Cluster-based permutation test for the relationships of TF activity with visual function. Blue colors indicate negative correlations, while yellow colors indicate positive correlations. The time–frequency-sensor triplets pertaining to the significant cluster are shown in solid colors. A Correlation between visual acuity and TF in the FH + group (sensors); B correlation between visual acuity and TF in the FH + 40-60ɛ4+ group (sensors); C correlation between visual acuity and TF in the FH + group (calcarine); D correlation between visual acuity and TF in the FH + 40-60ɛ4+ group (calcarine)

Wilcoxon rank sum test with continuity correction was used to perform comparisons between groups in continuous variables, and Spearman correlation coefficients were obtained to assess the relationship between ophthalmological and electrophysiological variables. These methods were chosen as they make less assumptions regarding the data distribution. Additionally, Spearman correlation is capable of assessing non-linear monotonic relationships.

The correlation differences between the groups were calculated transforming the correlations to Fisher Z scores.

To measure effect sizes, Cramer’s V and its 95% confidence interval were calculated for the comparisons between groups in qualitative variables. For the comparisons between groups in continuous variables, effect size calculations from the Mann–Whitney U test and its 95% confidence interval, which has an interpretation analogous to a correlation coefficient, were estimated [34]. For correlations, the Spearman correlation coefficient acts as the size effect statistic.

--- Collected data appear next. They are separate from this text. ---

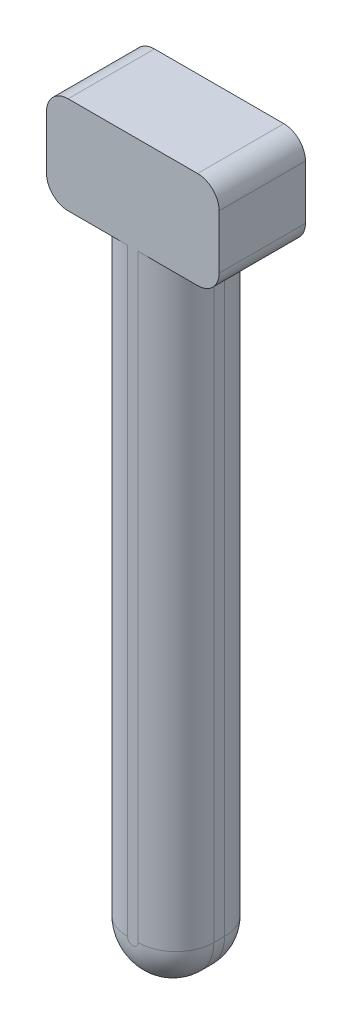
ISO-10303-21;
HEADER;
FILE_DESCRIPTION(('STEP AP214'),'2;1');
FILE_NAME('part.step','',(''),(''),'','','');
FILE_SCHEMA(('AUTOMOTIVE_DESIGN { 1 0 10303 214 1 1 1 1 }'));
ENDSEC;
DATA;
#1=APPLICATION_CONTEXT('core data for automotive mechanical design processes');
#2=APPLICATION_PROTOCOL_DEFINITION('international standard','automotive_design',2000,#1);
#3=PRODUCT_CONTEXT('',#1,'mechanical');
#4=PRODUCT('Part','Part','',(#3));
#5=PRODUCT_RELATED_PRODUCT_CATEGORY('part','',(#4));
#6=PRODUCT_DEFINITION_FORMATION('','',#4);
#7=PRODUCT_DEFINITION_CONTEXT('part definition',#1,'design');
#8=PRODUCT_DEFINITION('design','',#6,#7);
#9=PRODUCT_DEFINITION_SHAPE('','',#8);
#10=(LENGTH_UNIT() NAMED_UNIT(*) SI_UNIT(.MILLI.,.METRE.));
#11=(NAMED_UNIT(*) PLANE_ANGLE_UNIT() SI_UNIT($,.RADIAN.));
#12=(NAMED_UNIT(*) SI_UNIT($,.STERADIAN.) SOLID_ANGLE_UNIT());
#13=UNCERTAINTY_MEASURE_WITH_UNIT(LENGTH_MEASURE(1.E-05),#10,'distance_accuracy_value','');
#14=(GEOMETRIC_REPRESENTATION_CONTEXT(3) GLOBAL_UNCERTAINTY_ASSIGNED_CONTEXT((#13)) GLOBAL_UNIT_ASSIGNED_CONTEXT((#10,
#11,#12)) REPRESENTATION_CONTEXT('',''));
#15=CARTESIAN_POINT('',(0.,0.,0.));
#16=DIRECTION('',(0.,0.,1.));
#17=DIRECTION('',(1.,0.,0.));
#18=AXIS2_PLACEMENT_3D('',#15,#16,#17);
#19=CARTESIAN_POINT('',(0.,-2.25,4.));
#20=DIRECTION('',(0.,1.,0.));
#21=DIRECTION('',(0.,0.,1.));
#22=AXIS2_PLACEMENT_3D('',#19,#20,#21);
#23=PLANE('',#22);
#24=DIRECTION('',(1.,0.,0.));
#25=VECTOR('',#24,1.);
#26=CARTESIAN_POINT('',(0.,-2.25,4.));
#27=LINE('',#26,#25);
#28=CARTESIAN_POINT('',(-3.,-2.25,4.));
#29=VERTEX_POINT('',#28);
#30=CARTESIAN_POINT('',(-0.250000000000001,-2.25,4.));
#31=VERTEX_POINT('',#30);
#32=EDGE_CURVE('E242',#29,#31,#27,.T.);
#33=ORIENTED_EDGE('',*,*,#32,.F.);
#34=DIRECTION('',(0.,0.,-1.));
#35=VECTOR('',#34,1.);
#36=CARTESIAN_POINT('',(-3.,-2.25,0.));
#37=LINE('',#36,#35);
#38=CARTESIAN_POINT('',(-3.,-2.25,0.));
#39=VERTEX_POINT('',#38);
#40=EDGE_CURVE('E194',#29,#39,#37,.T.);
#41=ORIENTED_EDGE('',*,*,#40,.T.);
#42=DIRECTION('',(1.,0.,0.));
#43=VECTOR('',#42,1.);
#44=CARTESIAN_POINT('',(0.,-2.25,0.));
#45=LINE('',#44,#43);
#46=CARTESIAN_POINT('',(-0.250000000000001,-2.25,0.));
#47=VERTEX_POINT('',#46);
#48=EDGE_CURVE('E260',#39,#47,#45,.T.);
#49=ORIENTED_EDGE('',*,*,#48,.T.);
#50=CARTESIAN_POINT('',(-0.250000000000001,-2.25,1.75));
#51=DIRECTION('',(0.,1.,0.));
#52=DIRECTION('',(0.,0.,1.));
#53=AXIS2_PLACEMENT_3D('',#50,#51,#52);
#54=CIRCLE('',#53,1.75);
#55=CARTESIAN_POINT('',(-2.,-2.25,1.75));
#56=VERTEX_POINT('',#55);
#57=EDGE_CURVE('E288',#47,#56,#54,.T.);
#58=ORIENTED_EDGE('',*,*,#57,.T.);
#59=DIRECTION('',(0.,0.,-1.));
#60=VECTOR('',#59,1.);
#61=CARTESIAN_POINT('',(-2.,-2.25,4.));
#62=LINE('',#61,#60);
#63=CARTESIAN_POINT('',(-2.,-2.25,2.25));
#64=VERTEX_POINT('',#63);
#65=EDGE_CURVE('E172',#64,#56,#62,.T.);
#66=ORIENTED_EDGE('',*,*,#65,.F.);
#67=CARTESIAN_POINT('',(-0.250000000000001,-2.25,2.25));
#68=DIRECTION('',(0.,1.,0.));
#69=DIRECTION('',(0.,0.,1.));
#70=AXIS2_PLACEMENT_3D('',#67,#68,#69);
#71=CIRCLE('',#70,1.75);
#72=EDGE_CURVE('E181',#64,#31,#71,.T.);
#73=ORIENTED_EDGE('',*,*,#72,.T.);
#74=EDGE_LOOP('',(#33,#41,#49,#58,#66,#73));
#75=FACE_BOUND('',#74,.T.);
#76=ADVANCED_FACE('F35',(#75),#23,.F.);
#77=CARTESIAN_POINT('',(-2.,0.,4.));
#78=DIRECTION('',(1.,0.,0.));
#79=DIRECTION('',(0.,1.,0.));
#80=AXIS2_PLACEMENT_3D('',#77,#78,#79);
#81=PLANE('',#80);
#82=ORIENTED_EDGE('',*,*,#65,.T.);
#83=DIRECTION('',(0.,-1.,0.));
#84=VECTOR('',#83,1.);
#85=CARTESIAN_POINT('',(-2.,0.,1.75));
#86=LINE('',#85,#84);
#87=CARTESIAN_POINT('',(-2.,-30.,1.75));
#88=VERTEX_POINT('',#87);
#89=EDGE_CURVE('E171',#56,#88,#86,.T.);
#90=ORIENTED_EDGE('',*,*,#89,.T.);
#91=DIRECTION('',(0.,0.,-1.));
#92=VECTOR('',#91,1.);
#93=CARTESIAN_POINT('',(-2.,-30.,4.));
#94=LINE('',#93,#92);
#95=CARTESIAN_POINT('',(-2.,-30.,2.25));
#96=VERTEX_POINT('',#95);
#97=EDGE_CURVE('E153',#96,#88,#94,.T.);
#98=ORIENTED_EDGE('',*,*,#97,.F.);
#99=DIRECTION('',(0.,-1.,0.));
#100=VECTOR('',#99,1.);
#101=CARTESIAN_POINT('',(-2.,-2.25,2.25));
#102=LINE('',#101,#100);
#103=EDGE_CURVE('E168',#96,#64,#102,.F.);
#104=ORIENTED_EDGE('',*,*,#103,.T.);
#105=EDGE_LOOP('',(#82,#90,#98,#104));
#106=FACE_BOUND('',#105,.T.);
#107=ADVANCED_FACE('F167',(#106),#81,.F.);
#108=CARTESIAN_POINT('',(0.,-30.,4.));
#109=DIRECTION('',(0.,0.,-1.));
#110=DIRECTION('',(-1.,0.,0.));
#111=AXIS2_PLACEMENT_3D('',#108,#109,#110);
#112=CYLINDRICAL_SURFACE('',#111,2.);
#113=ORIENTED_EDGE('',*,*,#97,.T.);
#114=CARTESIAN_POINT('',(0.,-30.,1.75));
#115=DIRECTION('',(0.,0.,1.));
#116=DIRECTION('',(1.,0.,0.));
#117=AXIS2_PLACEMENT_3D('',#114,#115,#116);
#118=CIRCLE('',#117,2.);
#119=CARTESIAN_POINT('',(2.,-30.,1.75));
#120=VERTEX_POINT('',#119);
#121=EDGE_CURVE('E160',#88,#120,#118,.T.);
#122=ORIENTED_EDGE('',*,*,#121,.T.);
#123=DIRECTION('',(0.,0.,-1.));
#124=VECTOR('',#123,1.);
#125=CARTESIAN_POINT('',(2.,-30.,4.));
#126=LINE('',#125,#124);
#127=CARTESIAN_POINT('',(2.,-30.,2.25));
#128=VERTEX_POINT('',#127);
#129=EDGE_CURVE('E155',#128,#120,#126,.T.);
#130=ORIENTED_EDGE('',*,*,#129,.F.);
#131=CARTESIAN_POINT('',(0.,-30.,2.25));
#132=DIRECTION('',(0.,0.,1.));
#133=DIRECTION('',(1.,0.,0.));
#134=AXIS2_PLACEMENT_3D('',#131,#132,#133);
#135=CIRCLE('',#134,2.);
#136=EDGE_CURVE('E150',#128,#96,#135,.F.);
#137=ORIENTED_EDGE('',*,*,#136,.T.);
#138=EDGE_LOOP('',(#113,#122,#130,#137));
#139=FACE_BOUND('',#138,.T.);
#140=ADVANCED_FACE('F152',(#139),#112,.T.);
#141=CARTESIAN_POINT('',(2.,0.,4.));
#142=DIRECTION('',(1.,0.,0.));
#143=DIRECTION('',(0.,1.,0.));
#144=AXIS2_PLACEMENT_3D('',#141,#142,#143);
#145=PLANE('',#144);
#146=ORIENTED_EDGE('',*,*,#129,.T.);
#147=DIRECTION('',(0.,-1.,0.));
#148=VECTOR('',#147,1.);
#149=CARTESIAN_POINT('',(2.,-2.25,1.75));
#150=LINE('',#149,#148);
#151=CARTESIAN_POINT('',(2.,-2.25,1.75));
#152=VERTEX_POINT('',#151);
#153=EDGE_CURVE('E286',#120,#152,#150,.F.);
#154=ORIENTED_EDGE('',*,*,#153,.T.);
#155=DIRECTION('',(0.,0.,-1.));
#156=VECTOR('',#155,1.);
#157=CARTESIAN_POINT('',(2.,-2.25,4.));
#158=LINE('',#157,#156);
#159=CARTESIAN_POINT('',(2.,-2.25,2.25));
#160=VERTEX_POINT('',#159);
#161=EDGE_CURVE('E266',#160,#152,#158,.T.);
#162=ORIENTED_EDGE('',*,*,#161,.F.);
#163=DIRECTION('',(0.,-1.,0.));
#164=VECTOR('',#163,1.);
#165=CARTESIAN_POINT('',(2.,0.,2.25));
#166=LINE('',#165,#164);
#167=EDGE_CURVE('E284',#160,#128,#166,.T.);
#168=ORIENTED_EDGE('',*,*,#167,.T.);
#169=EDGE_LOOP('',(#146,#154,#162,#168));
#170=FACE_BOUND('',#169,.T.);
#171=ADVANCED_FACE('F327',(#170),#145,.T.);
#172=CARTESIAN_POINT('',(0.249999999999999,-2.25,0.));
#173=VERTEX_POINT('',#172);
#174=CARTESIAN_POINT('',(3.,-2.25,0.));
#175=VERTEX_POINT('',#174);
#176=EDGE_CURVE('E232',#173,#175,#45,.T.);
#177=ORIENTED_EDGE('',*,*,#176,.T.);
#178=DIRECTION('',(0.,0.,-1.));
#179=VECTOR('',#178,1.);
#180=CARTESIAN_POINT('',(3.,-2.25,4.));
#181=LINE('',#180,#179);
#182=CARTESIAN_POINT('',(3.,-2.25,4.));
#183=VERTEX_POINT('',#182);
#184=EDGE_CURVE('E223',#175,#183,#181,.F.);
#185=ORIENTED_EDGE('',*,*,#184,.T.);
#186=CARTESIAN_POINT('',(0.249999999999999,-2.25,4.));
#187=VERTEX_POINT('',#186);
#188=EDGE_CURVE('E229',#187,#183,#27,.T.);
#189=ORIENTED_EDGE('',*,*,#188,.F.);
#190=CARTESIAN_POINT('',(0.249999999999999,-2.25,2.25));
#191=DIRECTION('',(0.,1.,0.));
#192=DIRECTION('',(0.,0.,1.));
#193=AXIS2_PLACEMENT_3D('',#190,#191,#192);
#194=CIRCLE('',#193,1.75);
#195=EDGE_CURVE('E198',#187,#160,#194,.T.);
#196=ORIENTED_EDGE('',*,*,#195,.T.);
#197=ORIENTED_EDGE('',*,*,#161,.T.);
#198=CARTESIAN_POINT('',(0.249999999999999,-2.25,1.75));
#199=DIRECTION('',(0.,1.,0.));
#200=DIRECTION('',(0.,0.,1.));
#201=AXIS2_PLACEMENT_3D('',#198,#199,#200);
#202=CIRCLE('',#201,1.75);
#203=EDGE_CURVE('E291',#152,#173,#202,.T.);
#204=ORIENTED_EDGE('',*,*,#203,.T.);
#205=EDGE_LOOP('',(#177,#185,#189,#196,#197,#204));
#206=FACE_BOUND('',#205,.T.);
#207=ADVANCED_FACE('F228',(#206),#23,.F.);
#208=CARTESIAN_POINT('',(4.,0.,4.));
#209=DIRECTION('',(-1.,0.,0.));
#210=DIRECTION('',(0.,0.,1.));
#211=AXIS2_PLACEMENT_3D('',#208,#209,#210);
#212=PLANE('',#211);
#213=DIRECTION('',(0.,1.,0.));
#214=VECTOR('',#213,1.);
#215=CARTESIAN_POINT('',(4.,0.,4.));
#216=LINE('',#215,#214);
#217=CARTESIAN_POINT('',(4.,-1.25,4.));
#218=VERTEX_POINT('',#217);
#219=CARTESIAN_POINT('',(4.,1.25,4.));
#220=VERTEX_POINT('',#219);
#221=EDGE_CURVE('E241',#218,#220,#216,.T.);
#222=ORIENTED_EDGE('',*,*,#221,.F.);
#223=DIRECTION('',(0.,0.,-1.));
#224=VECTOR('',#223,1.);
#225=CARTESIAN_POINT('',(4.,-1.25,4.));
#226=LINE('',#225,#224);
#227=CARTESIAN_POINT('',(4.,-1.25,0.));
#228=VERTEX_POINT('',#227);
#229=EDGE_CURVE('E220',#218,#228,#226,.T.);
#230=ORIENTED_EDGE('',*,*,#229,.T.);
#231=DIRECTION('',(0.,1.,0.));
#232=VECTOR('',#231,1.);
#233=CARTESIAN_POINT('',(4.,0.,0.));
#234=LINE('',#233,#232);
#235=CARTESIAN_POINT('',(4.,1.25,0.));
#236=VERTEX_POINT('',#235);
#237=EDGE_CURVE('E250',#228,#236,#234,.T.);
#238=ORIENTED_EDGE('',*,*,#237,.T.);
#239=DIRECTION('',(0.,0.,-1.));
#240=VECTOR('',#239,1.);
#241=CARTESIAN_POINT('',(4.,1.25,4.));
#242=LINE('',#241,#240);
#243=EDGE_CURVE('E218',#236,#220,#242,.F.);
#244=ORIENTED_EDGE('',*,*,#243,.T.);
#245=EDGE_LOOP('',(#222,#230,#238,#244));
#246=FACE_BOUND('',#245,.T.);
#247=ADVANCED_FACE('F249',(#246),#212,.F.);
#248=CARTESIAN_POINT('',(0.,2.25,4.));
#249=DIRECTION('',(0.,1.,0.));
#250=DIRECTION('',(0.,0.,1.));
#251=AXIS2_PLACEMENT_3D('',#248,#249,#250);
#252=PLANE('',#251);
#253=DIRECTION('',(1.,0.,0.));
#254=VECTOR('',#253,1.);
#255=CARTESIAN_POINT('',(0.,2.25,4.));
#256=LINE('',#255,#254);
#257=CARTESIAN_POINT('',(-3.,2.25,4.));
#258=VERTEX_POINT('',#257);
#259=CARTESIAN_POINT('',(3.,2.25,4.));
#260=VERTEX_POINT('',#259);
#261=EDGE_CURVE('E368',#258,#260,#256,.T.);
#262=ORIENTED_EDGE('',*,*,#261,.T.);
#263=DIRECTION('',(0.,0.,-1.));
#264=VECTOR('',#263,1.);
#265=CARTESIAN_POINT('',(3.,2.25,0.));
#266=LINE('',#265,#264);
#267=CARTESIAN_POINT('',(3.,2.25,0.));
#268=VERTEX_POINT('',#267);
#269=EDGE_CURVE('E11',#260,#268,#266,.T.);
#270=ORIENTED_EDGE('',*,*,#269,.T.);
#271=DIRECTION('',(1.,0.,0.));
#272=VECTOR('',#271,1.);
#273=CARTESIAN_POINT('',(0.,2.25,0.));
#274=LINE('',#273,#272);
#275=CARTESIAN_POINT('',(-3.,2.25,0.));
#276=VERTEX_POINT('',#275);
#277=EDGE_CURVE('E256',#276,#268,#274,.T.);
#278=ORIENTED_EDGE('',*,*,#277,.F.);
#279=DIRECTION('',(0.,0.,-1.));
#280=VECTOR('',#279,1.);
#281=CARTESIAN_POINT('',(-3.,2.25,4.));
#282=LINE('',#281,#280);
#283=EDGE_CURVE('E43',#276,#258,#282,.F.);
#284=ORIENTED_EDGE('',*,*,#283,.T.);
#285=EDGE_LOOP('',(#262,#270,#278,#284));
#286=FACE_BOUND('',#285,.T.);
#287=ADVANCED_FACE('F332',(#286),#252,.T.);
#288=CARTESIAN_POINT('',(-4.,0.,4.));
#289=DIRECTION('',(-1.,0.,0.));
#290=DIRECTION('',(0.,0.,1.));
#291=AXIS2_PLACEMENT_3D('',#288,#289,#290);
#292=PLANE('',#291);
#293=DIRECTION('',(0.,1.,0.));
#294=VECTOR('',#293,1.);
#295=CARTESIAN_POINT('',(-4.,0.,0.));
#296=LINE('',#295,#294);
#297=CARTESIAN_POINT('',(-4.,-1.25,0.));
#298=VERTEX_POINT('',#297);
#299=CARTESIAN_POINT('',(-4.,1.25,0.));
#300=VERTEX_POINT('',#299);
#301=EDGE_CURVE('E258',#298,#300,#296,.T.);
#302=ORIENTED_EDGE('',*,*,#301,.F.);
#303=DIRECTION('',(0.,0.,-1.));
#304=VECTOR('',#303,1.);
#305=CARTESIAN_POINT('',(-4.,-1.25,4.));
#306=LINE('',#305,#304);
#307=CARTESIAN_POINT('',(-4.,-1.25,4.));
#308=VERTEX_POINT('',#307);
#309=EDGE_CURVE('E209',#298,#308,#306,.F.);
#310=ORIENTED_EDGE('',*,*,#309,.T.);
#311=DIRECTION('',(0.,1.,0.));
#312=VECTOR('',#311,1.);
#313=CARTESIAN_POINT('',(-4.,0.,4.));
#314=LINE('',#313,#312);
#315=CARTESIAN_POINT('',(-4.,1.25,4.));
#316=VERTEX_POINT('',#315);
#317=EDGE_CURVE('E269',#308,#316,#314,.T.);
#318=ORIENTED_EDGE('',*,*,#317,.T.);
#319=DIRECTION('',(0.,0.,-1.));
#320=VECTOR('',#319,1.);
#321=CARTESIAN_POINT('',(-4.,1.25,4.));
#322=LINE('',#321,#320);
#323=EDGE_CURVE('E206',#316,#300,#322,.T.);
#324=ORIENTED_EDGE('',*,*,#323,.T.);
#325=EDGE_LOOP('',(#302,#310,#318,#324));
#326=FACE_BOUND('',#325,.T.);
#327=ADVANCED_FACE('F374',(#326),#292,.T.);
#328=CARTESIAN_POINT('',(0.,0.,4.));
#329=DIRECTION('',(0.,0.,1.));
#330=DIRECTION('',(1.,0.,0.));
#331=AXIS2_PLACEMENT_3D('',#328,#329,#330);
#332=PLANE('',#331);
#333=ORIENTED_EDGE('',*,*,#317,.F.);
#334=CARTESIAN_POINT('',(-3.,-1.25,4.));
#335=DIRECTION('',(0.,0.,1.));
#336=DIRECTION('',(1.,0.,0.));
#337=AXIS2_PLACEMENT_3D('',#334,#335,#336);
#338=CIRCLE('',#337,1.);
#339=EDGE_CURVE('E216',#308,#29,#338,.T.);
#340=ORIENTED_EDGE('',*,*,#339,.T.);
#341=ORIENTED_EDGE('',*,*,#32,.T.);
#342=DIRECTION('',(0.,-1.,0.));
#343=VECTOR('',#342,1.);
#344=CARTESIAN_POINT('',(-0.249999999999995,-30.,4.));
#345=LINE('',#344,#343);
#346=CARTESIAN_POINT('',(-0.249999999999995,-30.,4.));
#347=VERTEX_POINT('',#346);
#348=EDGE_CURVE('E282',#31,#347,#345,.T.);
#349=ORIENTED_EDGE('',*,*,#348,.T.);
#350=CARTESIAN_POINT('',(0.,-30.,4.));
#351=DIRECTION('',(0.,0.,1.));
#352=DIRECTION('',(1.,0.,0.));
#353=AXIS2_PLACEMENT_3D('',#350,#351,#352);
#354=CIRCLE('',#353,0.25);
#355=CARTESIAN_POINT('',(0.250000000000005,-30.,4.));
#356=VERTEX_POINT('',#355);
#357=EDGE_CURVE('E184',#347,#356,#354,.T.);
#358=ORIENTED_EDGE('',*,*,#357,.T.);
#359=DIRECTION('',(0.,-1.,0.));
#360=VECTOR('',#359,1.);
#361=CARTESIAN_POINT('',(0.249999999999998,0.,4.));
#362=LINE('',#361,#360);
#363=EDGE_CURVE('E239',#356,#187,#362,.F.);
#364=ORIENTED_EDGE('',*,*,#363,.T.);
#365=ORIENTED_EDGE('',*,*,#188,.T.);
#366=CARTESIAN_POINT('',(3.,-1.25,4.));
#367=DIRECTION('',(0.,0.,1.));
#368=DIRECTION('',(1.,0.,0.));
#369=AXIS2_PLACEMENT_3D('',#366,#367,#368);
#370=CIRCLE('',#369,1.);
#371=EDGE_CURVE('E214',#183,#218,#370,.T.);
#372=ORIENTED_EDGE('',*,*,#371,.T.);
#373=ORIENTED_EDGE('',*,*,#221,.T.);
#374=CARTESIAN_POINT('',(3.,1.25,4.));
#375=DIRECTION('',(0.,0.,1.));
#376=DIRECTION('',(1.,0.,0.));
#377=AXIS2_PLACEMENT_3D('',#374,#375,#376);
#378=CIRCLE('',#377,1.);
#379=EDGE_CURVE('E50',#220,#260,#378,.T.);
#380=ORIENTED_EDGE('',*,*,#379,.T.);
#381=ORIENTED_EDGE('',*,*,#261,.F.);
#382=CARTESIAN_POINT('',(-3.,1.25,4.));
#383=DIRECTION('',(0.,0.,1.));
#384=DIRECTION('',(1.,0.,0.));
#385=AXIS2_PLACEMENT_3D('',#382,#383,#384);
#386=CIRCLE('',#385,1.);
#387=EDGE_CURVE('E211',#258,#316,#386,.T.);
#388=ORIENTED_EDGE('',*,*,#387,.T.);
#389=EDGE_LOOP('',(#333,#340,#341,#349,#358,#364,#365,#372,#373,#380,#381,#388));
#390=FACE_BOUND('',#389,.T.);
#391=ADVANCED_FACE('F236',(#390),#332,.T.);
#392=CARTESIAN_POINT('',(0.,0.,0.));
#393=DIRECTION('',(0.,0.,1.));
#394=DIRECTION('',(1.,0.,0.));
#395=AXIS2_PLACEMENT_3D('',#392,#393,#394);
#396=PLANE('',#395);
#397=ORIENTED_EDGE('',*,*,#48,.F.);
#398=CARTESIAN_POINT('',(-3.,-1.25,0.));
#399=DIRECTION('',(0.,0.,1.));
#400=DIRECTION('',(1.,0.,0.));
#401=AXIS2_PLACEMENT_3D('',#398,#399,#400);
#402=CIRCLE('',#401,1.);
#403=EDGE_CURVE('E204',#39,#298,#402,.F.);
#404=ORIENTED_EDGE('',*,*,#403,.T.);
#405=ORIENTED_EDGE('',*,*,#301,.T.);
#406=CARTESIAN_POINT('',(-3.,1.25,0.));
#407=DIRECTION('',(0.,0.,1.));
#408=DIRECTION('',(1.,0.,0.));
#409=AXIS2_PLACEMENT_3D('',#406,#407,#408);
#410=CIRCLE('',#409,1.);
#411=EDGE_CURVE('E197',#300,#276,#410,.F.);
#412=ORIENTED_EDGE('',*,*,#411,.T.);
#413=ORIENTED_EDGE('',*,*,#277,.T.);
#414=CARTESIAN_POINT('',(3.,1.25,0.));
#415=DIRECTION('',(0.,0.,1.));
#416=DIRECTION('',(1.,0.,0.));
#417=AXIS2_PLACEMENT_3D('',#414,#415,#416);
#418=CIRCLE('',#417,1.);
#419=EDGE_CURVE('E200',#268,#236,#418,.F.);
#420=ORIENTED_EDGE('',*,*,#419,.T.);
#421=ORIENTED_EDGE('',*,*,#237,.F.);
#422=CARTESIAN_POINT('',(3.,-1.25,0.));
#423=DIRECTION('',(0.,0.,1.));
#424=DIRECTION('',(1.,0.,0.));
#425=AXIS2_PLACEMENT_3D('',#422,#423,#424);
#426=CIRCLE('',#425,1.);
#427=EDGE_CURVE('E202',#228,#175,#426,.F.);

To evaluate the TF power correlation with visual acuity, contrast sensitivity, and macular thickness, two approaches were taken. First, the analyses were performed in the sensor space, using cluster-based permutation test (CBPT) for multiple comparison corrections, with a Monte Carlo procedure, implementing 10,000 randomizations and a significance threshold of 0.05, taking sensors, time, and frequency as dimensions. Second, the analyses were also performed in the source space, averaging the TF sources belonging to the calcarine cortex as defined by the AAL atlas, and using CBPT with the same parameters, taking time and frequency as dimensions. As previously noted, both types of analysis were restricted to frequencies between 4 and 10 Hz and latencies between 0 and 250 ms.

We used false discovery rate (FDR) to correct for multiple comparisons. Within each research question, we applied FDR three times, once to correct the differences between groups, and once to correct the relationship between the ophthalmological measure and the M100 latency and the TF power for each group.

The preprocessing of MEG data and the CBPT analyses were performed in MATLAB R2019b (The Mathworks, Inc., Natick, MA), using the Fieldtrip package blindly to the group each subject belonged to. All other analyses were performed using R 3.6.2.